Elastic Cloud showing "Unhealthy" but all zones are "Healthy"

We are running Magneto 2.4 using Elastic hosted on Elastic.co.

Elastic Cloud version 7.17 due to Magento 2.4 requirements.

Recently our Elastic Cloud is showing "Unhealthy" but all zones are "Healthy" - screenshot attached.

Magento 2 logs are showing the occasional error, one every day or two:

[2023-03-10 09:26:05] main.ERROR: Bulk index operation failed 1 times in index magento2_default_tracking_log_session_20220507 for type _doc. Error (unavailable_shards_exception) : [magento2_default_tracking_log_session_20220507][0] primary shard is not active Timeout: [1m], request: [BulkShardRequest [[magento2_default_tracking_log_session_20220507][0]] containing [index {[magento2_default_tracking_log_session_20220507][_doc][null], source[{"session_id":"null","category_view":[9,32],"visitor_id":["null"],"product_view":[7,481,125,359,363,31,38,48,144,163,197,213,254,260,316],"end_date":"2023-03-10 09:24:44","start_date":"2022-05-07 08:27:25","store_id":1}]}]]. Failed doc ids sample : null. [] []

Can anyone assist with the cause of this error and how it can be resolved? The Health tab in the Elastic Cloud doesn't show any details.

Thank you

Hi @matto

You can open a support ticket...

Also what does it say when you click on View Issues

Hey Stephen,

Thanks for your reply. Nothing is shown in the "View Issues" tab, please see a screenshot below.

I have just opened a support ticket but if you have any advice please let me know.

Looks like you are missing some primary shards... There are various reasons for this...

Perhaps look at this

Thanks Stephen, I have read through that document.

To my understanding the first step may be to resolve the "primary shard is not active Timeout: [1m]" error?

Are you able to point me in the right direction, does this sound like an issue with our Elastic Cloud setup, or Magento setup?

The setup has been working for 12+ months without issue and this started around 2 weeks ago. We're hosting Magento on an AWS EC2 using an AWS RDS database.

Hi @matto

You should run the commands on this page the documents are pretty clear on how to analyze and bring us back the results.

Especially the explain... That That is how you're going to figure this out why your primary shard is missing.

Run those commands and bring back the results...

I cannot say for sure, but I suspect this is not an elastic cloud issue. You're nodes are green and there's plenty of room on the nodes from what I can see.

Also you should open a support ticket.

Hi Stephen,

I have run those commands, please see the attached files.
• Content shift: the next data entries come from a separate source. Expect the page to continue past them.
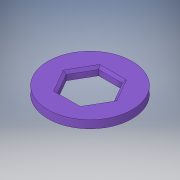
# Autodesk Inventor part: spacerForEndV03
Saved by Autodesk Inventor 2019.3 (Build 233278000, 278)
## iProperties
Created: 2019-03-05
Part Number: spacerForEndV03
Material: PC/ABS Plastic
Document SubType Name: Modeling
Designer: steele
Density: 0.357273 g/cm^3
Appearance: Violet
Author: steele
Autodesk Inventor part; units mm, degrees
ref_plane "YZ Plane" through (0, 0, 0) normal (1, 0, 0) x (0, 1, 0)
ref_plane "XZ Plane" through (0, 0, 0) normal (0, 1, 0) x (-1, 0, 0)
ref_plane "XY Plane" through (0, 0, 0) normal (0, 0, 1) x (1, 0, 0)
sketch "Sketch1" plane through (0, 0, 0) normal (0, 1, 0) x (-1, 0, 0)
  circle A0 centre (0, 0) radius 31.75
  dimension "od" = 63.5
  constraints: 1 centre point, 1 coincident
  measures "od" diameter of A0
extrude "Extrusion1" add sketch "Sketch1" against normal blind 2.54
sketch "Sketch2" plane through (0, 0, 0) normal (0, 1, 0) x (1, 0, 0)
  line L0 (-7.7063, 0) -> (-3.8531, 6.6738)
  line L1 (-3.8531, 6.6738) -> (3.8531, 6.6738)
  line L2 (3.8531, 6.6738) -> (7.7063, 0)
  line L3 (7.7063, 0) -> (3.8531, -6.6738)
  line L4 (3.8531, -6.6738) -> (-3.8531, -6.6738)
  line L5 (-3.8531, -6.6738) -> (-7.7063, 0)
  point P0 (0, 0)
  point P1 (0, 0)
  dimension "d3" = 13.3477
  constraints: 12 end point, 1 coincident, 1 horizontal, 13 other
  measures "d3" distance between parallel lines of L4 L1
extrude "Extrusion2" cut sketch "Sketch2" against normal through all
chamfer "Chamfer1" distance 0.7937 angle 45 6 edges at (-5.7797, 0, -3.3369) (0, 0, -6.6738) (5.7797, 0, -3.3369) (5.7797, 0, 3.3369) (0, 0, 6.6738) (-5.7797, 0, 3.3369)
sketch "Sketch4" plane through (0, -2.54, 0) normal (0, -1, 0) x (1, 0, 0)
  circle A0 centre (0, 0) radius 13.589
  circle A1 centre (0, 0) radius 31.75
  constraints: 2 centre point, 2 coincident
extrude "Extrusion4" cut sketch "Sketch4" against normal through all
body "Solid1"
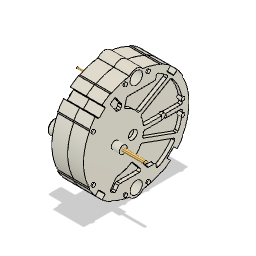
X27-168-Stepper v5 (Autodesk Fusion 360 design; units mm, degrees)
Autodesk Fusion 360 part; units mm, degrees
sketch "Sketch1" plane through (0, 0, 0) normal (1, 0, 0) x (0, 0, -1)
  line L0 (-4.4067, -0.8601) -> (-4.4067, 18.5277) construction
  line L1 (-4.4067, -0.8601) -> (-4.4067, -19.8773) construction
  line L2 (-4.4067, -0.8601) -> (21.636, -0.8601) construction
  line L3 (-4.4067, -0.8601) -> (-24.4318, -0.8601) construction
  arc A0 (-2.5017, 14.0184) -> (-6.3118, 14.0184) centre (-4.4067, 12.6425) ccw
  arc A1 (-6.3145, -15.7383) -> (-2.4989, -15.7383) centre (-4.4067, -14.3661) ccw
  line L4 (2.5631, 12.4223) -> (2.9837, 12.4223)
  line L5 (8.873, 6.5351) -> (8.873, 6.1148)
  line L6 (8.873, -7.835) -> (8.873, -8.2553)
  line L7 (2.9927, -14.1374) -> (2.5727, -14.1374)
  line L8 (-11.3861, -14.1374) -> (-11.8062, -14.1374)
  line L9 (-17.6759, -7.8551) -> (-17.6759, -8.2743)
  line L10 (-17.6759, 6.5541) -> (-17.6759, 6.1349)
  line L11 (-11.8062, 12.4172) -> (-11.3861, 12.4172)
  arc A2 (-6.3118, 14.0184) -> (-11.3861, 12.4172) centre (-4.4067, -0.8601) ccw
  arc A3 (-17.6759, 6.1349) -> (-17.6759, -7.8551) centre (-4.4067, -0.8601) ccw
  arc A4 (-11.3861, -14.1374) -> (-6.3145, -15.7383) centre (-4.4067, -0.8601) ccw
  arc A5 (-2.4989, -15.7383) -> (2.5727, -14.1374) centre (-4.4067, -0.8601) ccw
  arc A6 (8.873, -7.835) -> (8.873, 6.1148) centre (-4.4067, -0.8601) ccw
  arc A7 (2.5631, 12.4223) -> (-2.5017, 14.0184) centre (-4.4067, -0.8601) ccw
  circle A8 centre (-4.4067, 12.6425) radius 0.9209
  circle A9 centre (-4.4067, 12.6425) radius 1.2263
  circle A10 centre (-4.4067, 12.6425) radius 1.5619
  circle A11 centre (-4.4067, 12.6425) radius 1.7817
  circle A12 centre (-10.4097, -0.8601) radius 1
  circle A13 centre (-10.4097, -0.8601) radius 1.1043
  circle A14 centre (-10.4097, -0.8601) radius 0.9029
  circle A15 centre (-10.4097, -0.8601) radius 0.5
  circle A16 centre (-4.4067, -14.3661) radius 1.75
  circle A17 centre (-4.4067, -14.3661) radius 1.5597
  circle A18 centre (-4.4067, -14.3661) radius 1.2196
  circle A19 centre (-4.4067, -14.3661) radius 0.9326
  circle A20 centre (-7.6531, -14.4857) radius 0.5
  circle A21 centre (-1.16, -14.4857) radius 0.5
  circle A22 centre (-1.1623, 12.7607) radius 0.5
  circle A23 centre (-7.6764, 12.7607) radius 0.5
  circle A24 centre (8.641, 1.1394) radius 0.5
  circle A25 centre (8.6402, -2.8729) radius 0.5
  circle A26 centre (-16.7858, -7.4196) radius 0.5
  circle A27 centre (-16.789, 5.6908) radius 0.5
  circle A28 centre (-5.3601, -0.8601) radius 1.25
  circle A29 centre (3.4058, -0.8601) radius 0.75
  line L12 (2.8964, -0.3096) -> (-1.9645, -0.3096)
  line L13 (-2.8122, 2.8822) -> (5.233, 7.5224)
  line L14 (3.9018, -0.2975) -> (8.2503, -0.2975)
  line L15 (8.6971, 0.1445) -> (8.6743, 0.6405)
  arc A30 (8.2503, -0.2975) -> (8.6971, 0.1445) centre (8.2742, 0.1251) ccw
  arc A31 (-2.4073, 0.0969) -> (-1.9645, -0.3096) centre (-1.9645, 0.1348) ccw
  arc A32 (-2.4073, 0.0969) -> (-3.0084, 2.3264) centre (-8.9083, -0.46) ccw
  arc A33 (-2.8122, 2.8822) -> (-3.0084, 2.3264) centre (-2.5858, 2.4897) ccw
  arc A34 (5.7979, 7.4181) -> (5.233, 7.5224) centre (5.4542, 7.1389) ccw
  arc A35 (8.5331, 1.6276) -> (5.7979, 7.4181) centre (-4.6199, -1.0441) ccw
  line L16 (2.9074, -1.4205) -> (-1.9603, -1.4205)
  arc A36 (-1.9603, -1.4205) -> (-2.4022, -1.8018) centre (-1.9603, -1.8673) ccw
  arc A37 (-2.5612, -2.705) -> (-2.4022, -1.8018) centre (-5.829, -1.6642) ccw
  arc A38 (-2.5612, -2.705) -> (-2.2776, -3.228) centre (-2.1681, -2.8302) ccw
  line L17 (-2.2776, -3.228) -> (6.9763, -6.5951)
  arc A39 (6.9763, -6.5951) -> (7.5084, -6.3904) centre (7.1248, -6.1871) ccw
  arc A40 (7.5084, -6.3904) -> (8.5209, -3.3585) centre (-1.0924, -1.8332) ccw
  line L18 (-2.657, -4.2788) -> (6.2953, -7.5343)
  line L19 (-4.5555, -6.9779) -> (-1.2541, -10.8992)
  line L20 (-0.9101, -11.0649) -> (0.6697, -11.0649)
  arc A41 (-2.657, -4.2788) -> (-3.2095, -4.4917) centre (-2.8111, -4.7025) ccw
  arc A42 (-4.5302, -6.3861) -> (-3.2095, -4.4917) centre (-11.5739, -0.0679) ccw
  arc A43 (-4.5302, -6.3861) -> (-4.5555, -6.9779) centre (-4.2204, -6.6958) ccw
  arc A44 (-1.2541, -10.8992) -> (-0.9101, -11.0649) centre (-0.9101, -10.6248) ccw
  arc A45 (1.2294, -11.6221) -> (0.6697, -11.0649) centre (0.6697, -11.6246) ccw
  arc A46 (1.2294, -11.6221) -> (1.24, -12.0198) centre (10.2849, -11.5808) ccw
  arc A47 (1.24, -12.0198) -> (1.888, -12.4055) centre (1.6687, -12.0367) ccw
  arc A48 (1.888, -12.4055) -> (6.5021, -8.2019) centre (-4.3755, -0.8963) ccw
  arc A49 (6.5021, -8.2019) -> (6.2953, -7.5343) centre (6.1453, -7.9466) ccw
  line L21 (3.9081, -1.417) -> (8.2552, -1.417)
  line L22 (8.6952, -1.8597) -> (8.671, -2.3738)
  arc A50 (8.6952, -1.8597) -> (8.2552, -1.417) centre (8.2552, -1.857) ccw
  arc A51 (-9.8026, -8.9004) -> (-5.9889, -7.6178) centre (-10.4198, -0.7543) ccw
  arc A52 (-5.4059, -7.6932) -> (-5.9889, -7.6178) centre (-5.742, -8.0002) ccw
  arc A53 (-3.1904, -10.3408) -> (-5.4059, -7.6932) centre (-34.8025, -34.5427) ccw
  arc A54 (-3.5059, -11.0679) -> (-3.1904, -10.3408) centre (-3.5126, -10.633) ccw
  arc A55 (-8.9589, -11.0679) -> (-3.5059, -11.0679) centre (-6.2324, 166.0207) ccw
  arc A56 (-8.9589, -11.0679) -> (-9.4459, -11.3011) centre (-8.9682, -11.6735) ccw
  arc A57 (-9.4459, -11.3011) -> (-10.1249, -12.2545) centre (1.2154, -19.6129) ccw
  arc A58 (-10.7148, -12.4054) -> (-10.1249, -12.2545) centre (-10.5017, -12.01) ccw
  arc A59 (-11.5242, -11.9253) -> (-10.7148, -12.4054) centre (-5.2803, -2.3221) ccw
  arc A60 (-11.6751, -11.2874) -> (-11.5242, -11.9253) centre (-11.2794, -11.5306) ccw
  arc A61 (-10.1318, -9.0993) -> (-11.6751, -11.2874) centre (6.3834, -22.3862) ccw
  arc A62 (-9.8026, -8.9004) -> (-10.1318, -9.0993) centre (-9.7703, -9.3257) ccw
  line L23 (-16.0708, 8.8862) -> (-15.1488, 7.9637)
  line L24 (-14.9498, 8.0007) -> (-13.2614, 9.6883)
  line L25 (-13.274, 9.873) -> (-14.1646, 10.7942)
  arc A63 (-13.2614, 9.6883) -> (-13.274, 9.873) centre (-13.3772, 9.7732) ccw
  arc A64 (-15.1488, 7.9637) -> (-14.9498, 8.0007) centre (-15.0762, 8.1271) ccw
  arc A65 (-11.8062, 12.4172) -> (-14.1646, 10.7942) centre (-4.4067, -0.8601) ccw
  arc A66 (-16.0708, 8.8862) -> (-17.6759, 6.5541) centre (-4.4067, -0.8601) ccw
  arc A67 (5.3368, 10.8063) -> (4.4145, 9.8899) centre (27.3451, -12.2651) ccw
  arc A68 (4.4145, 9.8899) -> (4.4326, 9.7023) centre (4.4478, 9.7984) ccw
  arc A69 (6.1572, 7.9777) -> (4.4326, 9.7023) centre (-158.4507, -154.9056) ccw
  arc A70 (6.1572, 7.9777) -> (6.3071, 7.9895) centre (6.2246, 8.0786) ccw
  arc A71 (6.3071, 7.9895) -> (7.2502, 8.8947) centre (-0.3735, 15.8934) ccw
  arc A72 (8.873, 6.5351) -> (7.2502, 8.8947) centre (-4.4067, -0.8601) ccw
  arc A73 (5.3368, 10.8063) -> (2.9837, 12.4223) centre (-4.4067, -0.8601) ccw
  arc A74 (4.4051, -11.6064) -> (5.3401, -12.5237) centre (93.0217, 77.7849) ccw
  arc A75 (4.4513, -11.4172) -> (4.4051, -11.6064) centre (4.5901, -11.5514) ccw
  arc A76 (6.1786, -9.7208) -> (4.4513, -11.4172) centre (37.8756, -43.7201) ccw
  arc A77 (6.3203, -9.7271) -> (6.1786, -9.7208) centre (6.2457, -9.8075) ccw
  arc A78 (7.2537, -10.6107) -> (6.3203, -9.7271) centre (-39.755, -59.3372) ccw
  arc A79 (2.9927, -14.1374) -> (5.3401, -12.5237) centre (-4.4067, -0.8601) ccw
  arc A80 (7.2537, -10.6107) -> (8.873, -8.2553) centre (-4.4067, -0.8601) ccw
  arc A81 (-15.1488, -9.7243) -> (-16.0692, -10.6082) centre (-5.0124, -21.2003) ccw
  arc A82 (-14.9454, -9.7291) -> (-15.1488, -9.7243) centre (-15.0489, -9.8031) ccw
  arc A83 (-13.2817, -11.4119) -> (-14.9454, -9.7291) centre (-46.5076, -42.5964) ccw
  arc A84 (-13.2578, -11.584) -> (-13.2817, -11.4119) centre (-13.4029, -11.5164) ccw
  arc A85 (-14.1561, -12.5216) -> (-13.2578, -11.584) centre (-20.4506, -5.5922) ccw
  arc A86 (-17.6759, -8.2743) -> (-16.0692, -10.6082) centre (-4.4067, -0.8601) ccw
  arc A87 (-14.1561, -12.5216) -> (-11.8062, -14.1374) centre (-4.4067, -0.8601) ccw
  arc A88 (-10.1272, 10.5419) -> (-10.7174, 10.6683) centre (-10.4863, 10.3064) ccw
  arc A89 (-10.1272, 10.5419) -> (-8.6611, 8.4443) centre (26.1036, 34.3038) ccw
  arc A90 (-8.595, 8.0705) -> (-8.6611, 8.4443) centre (-9.0012, 8.1914) ccw
  arc A91 (-8.7618, 7.4428) -> (-8.595, 8.0705) centre (-11.0051, 8.375) ccw
  arc A92 (-9.2418, 7.1203) -> (-8.7618, 7.4428) centre (-9.1833, 7.5518) ccw
  arc A93 (-9.2418, 7.1203) -> (-9.7843, 7.1659) centre (-9.9605, 1.8107) ccw
  arc A94 (-10.0983, 7.3542) -> (-9.7843, 7.1659) centre (-9.7719, 7.5424) ccw
  arc A95 (-11.6504, 9.5631) -> (-10.0983, 7.3542) centre (51.3201, 52.1619) ccw
  arc A96 (-11.5125, 10.2016) -> (-11.6504, 9.5631) centre (-11.2752, 9.8162) ccw
  arc A97 (-11.5125, 10.2016) -> (-10.7174, 10.6683) centre (-17.3665, 21.0846) ccw
  line L26 (-6.7552, 9.3329) -> (0.6688, 9.3329)
  line L27 (-3.3795, 3.8493) -> (4.2578, 8.2578)
  line L28 (-7.1916, 9.0071) -> (-7.6798, 7.1524)
  arc A98 (-6.7552, 9.3329) -> (-7.1916, 9.0071) centre (-6.7552, 8.8777) ccw
  arc A99 (-7.6798, 7.1524) -> (-7.4357, 6.6248) centre (-7.2386, 7.0363) ccw
  arc A100 (-3.9549, 3.958) -> (-7.4357, 6.6248) centre (-10.2458, -0.6481) ccw
  arc A101 (-3.9549, 3.958) -> (-3.3795, 3.8493) centre (-3.604, 4.2383) ccw
  arc A102 (4.2578, 8.2578) -> (4.3323, 8.9474) centre (4.0431, 8.6298) ccw
  arc A103 (4.3323, 8.9474) -> (1.889, 10.6745) centre (-3.8525, -0.0399) ccw
  arc A104 (1.889, 10.6745) -> (1.2328, 10.2865) centre (1.6761, 10.2856) ccw
  arc A105 (1.2304, 9.8864) -> (1.2328, 10.2865) centre (-48.5104, 10.3841) ccw
  arc A106 (0.6688, 9.3329) -> (1.2304, 9.8864) centre (0.6688, 9.8946) ccw
  dimension "d1" = 30
  dimension "d2" = 4.7
  dimension "d3" = 4.7
  dimension "d4" = 30.4
  dimension "d5" = 2
  dimension "d6" = 1
  dimension "d7" = 3.5
  dimension "d8" = 1
  dimension "d9" = 1
  dimension "d10" = 1
  dimension "d11" = 1
  dimension "d12" = 1
  dimension "d13" = 1
  dimension "d14" = 1
  dimension "d15" = 1
  dimension "d16" = 2.5
  dimension "d17" = 1.5
  constraint coincident L0.start L1.start
  constraint vertical L0
  constraint parallel L0 L1
  constraint perpendicular L0 L2
  constraint perpendicular L1 L3
  constraint coincident L0 A0.centre
  constraint coincident L1 A1.centre
  constraint coincident A1.end A2
  constraint concentric A2 A5
  constraint concentric A5 A65
  constraint coincident L4.start A5
  constraint horizontal L4
  constraint coincident L5.start A65
  constraint coincident L5.end A5
  constraint vertical L5
  constraint coincident L6.start A5
  constraint coincident L6.end A65
  constraint parallel L5 L6
  constraint coincident L7.start A65
  constraint perpendicular L5 L7
  constraint coincident L8.start A2
  constraint coincident L8.end A65
  constraint parallel L7 L8
  constraint coincident L9.start A2
  constraint coincident L9.end A65
  constraint perpendicular L8 L9
  constraint coincident L10.end A2
  constraint perpendicular L8 L10
  constraint perpendicular L10 L11
  constraint concentric A2 A3
  constraint concentric A65 A86
  constraint concentric A3 A4
  constraint concentric A79 A86
  constraint concentric A5 A6
  constraint concentric A72 A79
  constraint concentric A6 A7
  constraint concentric A0 A8
  constraint concentric A8 A9
  constraint concentric A8 A10
  constraint concentric A0 A11
  constraint coincident L3 A12.centre
  constraint concentric A12 A13
  constraint concentric A13 A14
  constraint concentric A14 A15
  constraint concentric A1 A16
  constraint concentric A16 A17
  constraint concentric A1 A18
  constraint concentric A16 A19
  constraint coincident L3 A28.centre
  constraint coincident L2 A29.centre
  constraint coincident A29 L12.start
  constraint horizontal L12
  constraint coincident A29 L14.start
  constraint horizontal L14
  constraint coincident A24 L15.end
  constraint tangent L15 A30
  constraint tangent L12 A31
  constraint tangent A31 A32
  constraint tangent L13 A33
  constraint tangent L13 A34
  constraint tangent A34 A35
  constraint coincident A24 A35.start
  constraint coincident A29 L16.start
  constraint parallel L12 L16
  constraint tangent L16 A36
  constraint tangent A37 A38
  constraint tangent L17 A39
  constraint tangent A39 A40
  constraint coincident A25 A40.end
  constraint horizontal L20
  constraint tangent L18 A41
  constraint tangent A41 A42
  constraint tangent L19 A43
  constraint tangent L20 A44
  constraint tangent L20 A45
  constraint tangent A45 A46
  constraint tangent L18 A49
  constraint coincident A29 L21.start
  constraint parallel L2 L21
  constraint coincident A25 L22.end
  constraint tangent L21 A50
  constraint tangent A51 A52
  constraint tangent A52 A53
  constraint tangent A54 A55
  constraint tangent A55 A56
  constraint tangent A56 A57
  constraint tangent A57 A58
  constraint tangent A58 A59
  constraint tangent A58 A60
  constraint tangent A60 A61
  constraint tangent A51 A62
  constraint coincident L23.start A65
  constraint perpendicular L23 L24
  constraint tangent L25 A63
  constraint tangent L24 A64
  constraint concentric A65 A66
  constraint coincident A67.start A72
  constraint concentric A72 A73
  constraint tangent A75 A76
  constraint tangent A77 A78
  constraint coincident A78.start A79
  constraint concentric A79 A80
  constraint coincident A85.start A86
  constraint concentric A86 A87
  constraint tangent A88 A89
  constraint tangent A89 A90
  constraint tangent A88 A91
  constraint tangent A92 A93
  constraint tangent A93 A94
  constraint tangent A88 A97
  constraint horizontal L26
  constraint tangent L26 A98
  constraint tangent L28 A99
  constraint tangent L27 A101
  constraint tangent L27 A102
  constraint tangent A102 A103
  constraint tangent A104 A105
  constraint tangent L26 A106
  measures "d1" diameter of A2
  measures "d2" diameter of A0
  measures "d3" diameter of A1
  measures "d4" diameter of A65
  measures "d5" diameter of A12
  measures "d6" diameter of A15
  measures "d7" diameter of A16
  measures "d8" diameter of A20
  measures "d9" diameter of A21
  measures "d10" diameter of A22
  measures "d11" diameter of A23
  measures "d12" diameter of A24
  measures "d13" diameter of A25
  measures "d14" diameter of A26
  measures "d15" diameter of A27
  measures "d16" diameter of A28
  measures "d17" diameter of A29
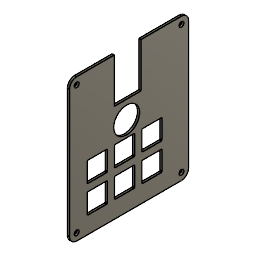
outer (Autodesk Fusion 360 design; units mm, degrees)
part number: 2025-12-20-20-24-37-630
Autodesk Fusion 360 part; units mm, degrees
sketch "plate-2025-12-20T19_09_56.435Z" plane through (0, 0, 0) normal (1, 0, 0) x (0, 1, 0)
sketch "plate-2025-12-20T19_09_56.435Z (1)" plane through (0, 0, 0) normal (1, 0, 0) x (0, 1, 0)
  line L0 (18.025, 42.475) -> (31.025, 42.475)
  line L1 (18.025, 28.475) -> (31.025, 28.475)
  line L2 (17.525, 41.975) -> (17.525, 28.975)
  line L3 (31.525, 41.975) -> (31.525, 28.975)
  arc A0 (18.025, 42.475) -> (17.525, 41.975) centre (18.025, 41.975) ccw
  arc A1 (31.525, 41.975) -> (31.025, 42.475) centre (31.025, 41.975) ccw
  arc A2 (17.525, 28.975) -> (18.025, 28.475) centre (18.025, 28.975) ccw
  arc A3 (31.025, 28.475) -> (31.525, 28.975) centre (31.025, 28.975) ccw
  line L4 (37.075, 42.475) -> (50.075, 42.475)
  line L5 (37.075, 28.475) -> (50.075, 28.475)
  line L6 (36.575, 41.975) -> (36.575, 28.975)
  line L7 (50.575, 41.975) -> (50.575, 28.975)
  arc A4 (37.075, 42.475) -> (36.575, 41.975) centre (37.075, 41.975) ccw
  arc A5 (50.575, 41.975) -> (50.075, 42.475) centre (50.075, 41.975) ccw
  arc A6 (36.575, 28.975) -> (37.075, 28.475) centre (37.075, 28.975) ccw
  arc A7 (50.075, 28.475) -> (50.575, 28.975) centre (50.075, 28.975) ccw
  line L8 (56.125, 42.475) -> (69.125, 42.475)
  line L9 (56.125, 28.475) -> (69.125, 28.475)
  line L10 (55.625, 41.975) -> (55.625, 28.975)
  line L11 (69.625, 41.975) -> (69.625, 28.975)
  arc A8 (56.125, 42.475) -> (55.625, 41.975) centre (56.125, 41.975) ccw
  arc A9 (69.625, 41.975) -> (69.125, 42.475) centre (69.125, 41.975) ccw
  arc A10 (55.625, 28.975) -> (56.125, 28.475) centre (56.125, 28.975) ccw
  arc A11 (69.125, 28.475) -> (69.625, 28.975) centre (69.125, 28.975) ccw
  line L12 (18.025, 23.425) -> (31.025, 23.425)
  line L13 (18.025, 9.425) -> (31.025, 9.425)
  line L14 (17.525, 22.925) -> (17.525, 9.925)
  line L15 (31.525, 22.925) -> (31.525, 9.925)
  arc A12 (18.025, 23.425) -> (17.525, 22.925) centre (18.025, 22.925) ccw
  arc A13 (31.525, 22.925) -> (31.025, 23.425) centre (31.025, 22.925) ccw
  arc A14 (17.525, 9.925) -> (18.025, 9.425) centre (18.025, 9.925) ccw
  arc A15 (31.025, 9.425) -> (31.525, 9.925) centre (31.025, 9.925) ccw
  line L16 (37.075, 23.425) -> (50.075, 23.425)
  line L17 (37.075, 9.425) -> (50.075, 9.425)
  line L18 (36.575, 22.925) -> (36.575, 9.925)
  line L19 (50.575, 22.925) -> (50.575, 9.925)
  arc A16 (37.075, 23.425) -> (36.575, 22.925) centre (37.075, 22.925) ccw
  arc A17 (50.575, 22.925) -> (50.075, 23.425) centre (50.075, 22.925) ccw
  arc A18 (36.575, 9.925) -> (37.075, 9.425) centre (37.075, 9.925) ccw
  arc A19 (50.075, 9.425) -> (50.575, 9.925) centre (50.075, 9.925) ccw
  line L20 (56.125, 23.425) -> (69.125, 23.425)
  line L21 (56.125, 9.425) -> (69.125, 9.425)
  line L22 (55.625, 22.925) -> (55.625, 9.925)
  line L23 (69.625, 22.925) -> (69.625, 9.925)
  arc A20 (56.125, 23.425) -> (55.625, 22.925) centre (56.125, 22.925) ccw
  arc A21 (69.625, 22.925) -> (69.125, 23.425) centre (69.125, 22.925) ccw
  arc A22 (55.625, 9.925) -> (56.125, 9.425) centre (56.125, 9.925) ccw
  arc A23 (69.125, 9.425) -> (69.625, 9.925) centre (69.125, 9.925) ccw
sketch "Sketch3" plane through (0, 0, 0) normal (1, 0, 0) x (0, 1, 0)
  line L0 (5.143, 96.836) -> (88.183, 96.836)
  line L1 (88.183, 96.836) -> (88.183, -2.424)
  line L2 (88.183, -2.424) -> (5.143, -2.424)
  line L3 (5.143, -2.424) -> (5.143, 96.836)
  line L4 (18.025, 9.425) -> (31.025, 9.425)
  line L5 (17.525, 22.925) -> (17.525, 9.925)
  line L6 (36.493, 96.836) -> (54.993, 96.836)
  line L7 (54.993, 96.836) -> (54.993, 65.836)
  line L8 (54.993, 65.836) -> (36.493, 65.836)
  line L9 (36.493, 65.836) -> (36.493, 96.836)
  circle A0 centre (10.143, 2.576) radius 1.7
  circle A1 centre (83.183, 2.576) radius 1.7
  circle A2 centre (10.143, 91.836) radius 1.7
  circle A3 centre (83.183, 91.836) radius 1.7
  circle A4 centre (44.9917, 53.2578) radius 9
  dimension "d1" = 83.04
  dimension "d2" = 99.26
  dimension "d3" = 11.849
  dimension "d4" = 12.382
  dimension "d5" = 31
  dimension "d6" = 18.5
  dimension "d7" = 31.35
  dimension "d8" = 3.4
  dimension "d9" = 3.4
  dimension "d10" = 5
  dimension "d11" = 5
  dimension "d12" = 5
  dimension "d13" = 5
  dimension "d14" = 3.4
  dimension "d15" = 3.4
  dimension "d16" = 5
  dimension "d17" = 5
  dimension "d18" = 5
  dimension "d19" = 5
  dimension "d20" = 18
  dimension "d21" = 39.8487
  constraint horizontal L0
  constraint vertical L1
  constraint horizontal L2
  constraint vertical L3
  constraint horizontal L6
  constraint vertical L7
  constraint horizontal L8
  constraint vertical L9
  constraint coincident L0 L6.start
  measures "d1" distance of L0.start L0.end
  measures "d2" distance of L0.start L2.end
  measures "d3" distance of L2 L4
  measures "d4" distance of L3 L5
  measures "d5" distance of L6.start L8.end
  measures "d6" distance of L7.end L8.end
  measures "d7" distance of L3 L9
  measures "d8" diameter of A0
  measures "d9" diameter of A1
  measures "d10" distance of L2 A0.centre
  measures "d11" distance of L3 A0.centre
  measures "d12" distance of L2 A1.centre
  measures "d13" distance of L1 A1.centre
  measures "d14" diameter of A2
  measures "d15" diameter of A3
  measures "d16" distance of L3 A2.centre
  measures "d17" distance of L0 A2.centre
  measures "d18" distance of L1 A3.centre
  measures "d19" distance of L0 A3.centre
  measures "d20" diameter of A4
  measures "d21" distance of L3 A4.centre
extrude "Extrude1" add sketch "Sketch3" along normal blind 1.5 contours L0 L1 L2 L3 L7 L8 L9
extrude "Extrude2" cut sketch "plate-2025-12-20T19_09_56.435Z (1)" along normal through all
fillet "Fillet1" radius 5 1 edges at (0.75, 88.183, 96.836)
fillet "Fillet2" radius 5 1 edges at (0.75, 5.143, 96.836)
fillet "Fillet3" radius 5 1 edges at (0.75, 5.143, -2.424)
fillet "Fillet4" radius 5 1 edges at (0.75, 88.183, -2.424)

https://www.dropbox.com/s/8loqe46ol336885/api_output.jpg?dl=0
https://www.dropbox.com/s/3fdxmmioxmij089/_cat_indices%3Fv%26health%3Dred.txt?dl=0
https://www.dropbox.com/s/vb2j4gc2n6d38xo/cat_shards%3Fv.txt?dl=0
https://www.dropbox.com/s/2vfpdn6snqq085a/_cluster_allocation_explain.txt?dl=0

Does this help to explain what the cause of the issue may be?

I have opened a support ticket yesterday and awaiting a response.

Thank you

You need support you have many red indices and many unassigned shards...

I see "node left" so perhaps this is a Node Issue..

This is definitely not good...

"allocate_explanation": "cannot allocate because a previous copy of the primary shard existed but can no longer be found on the nodes in the cluster",

Do you have snapshots?

Support will be your best bet did you open a Sev 1 ... You should

I would also going into Snapshot Lifecycle Management.... And make sure you are keeping snapshots as you may need to restore

Also it looks like that you have set many your indices to 0 replicas which means that you are risk of data loss. If your data is important you should always have a replica... That is the best practice.

1 Like

Hi Stephen,

Thank you for your support. I opened a ticket and the Elastic support were very helpful, and directed me on how to close the red indicies and then restore these from the latest backup.

The cluster looks to be healthy again.

1 Like

This topic was automatically closed 28 days after the last reply. New replies are no longer allowed.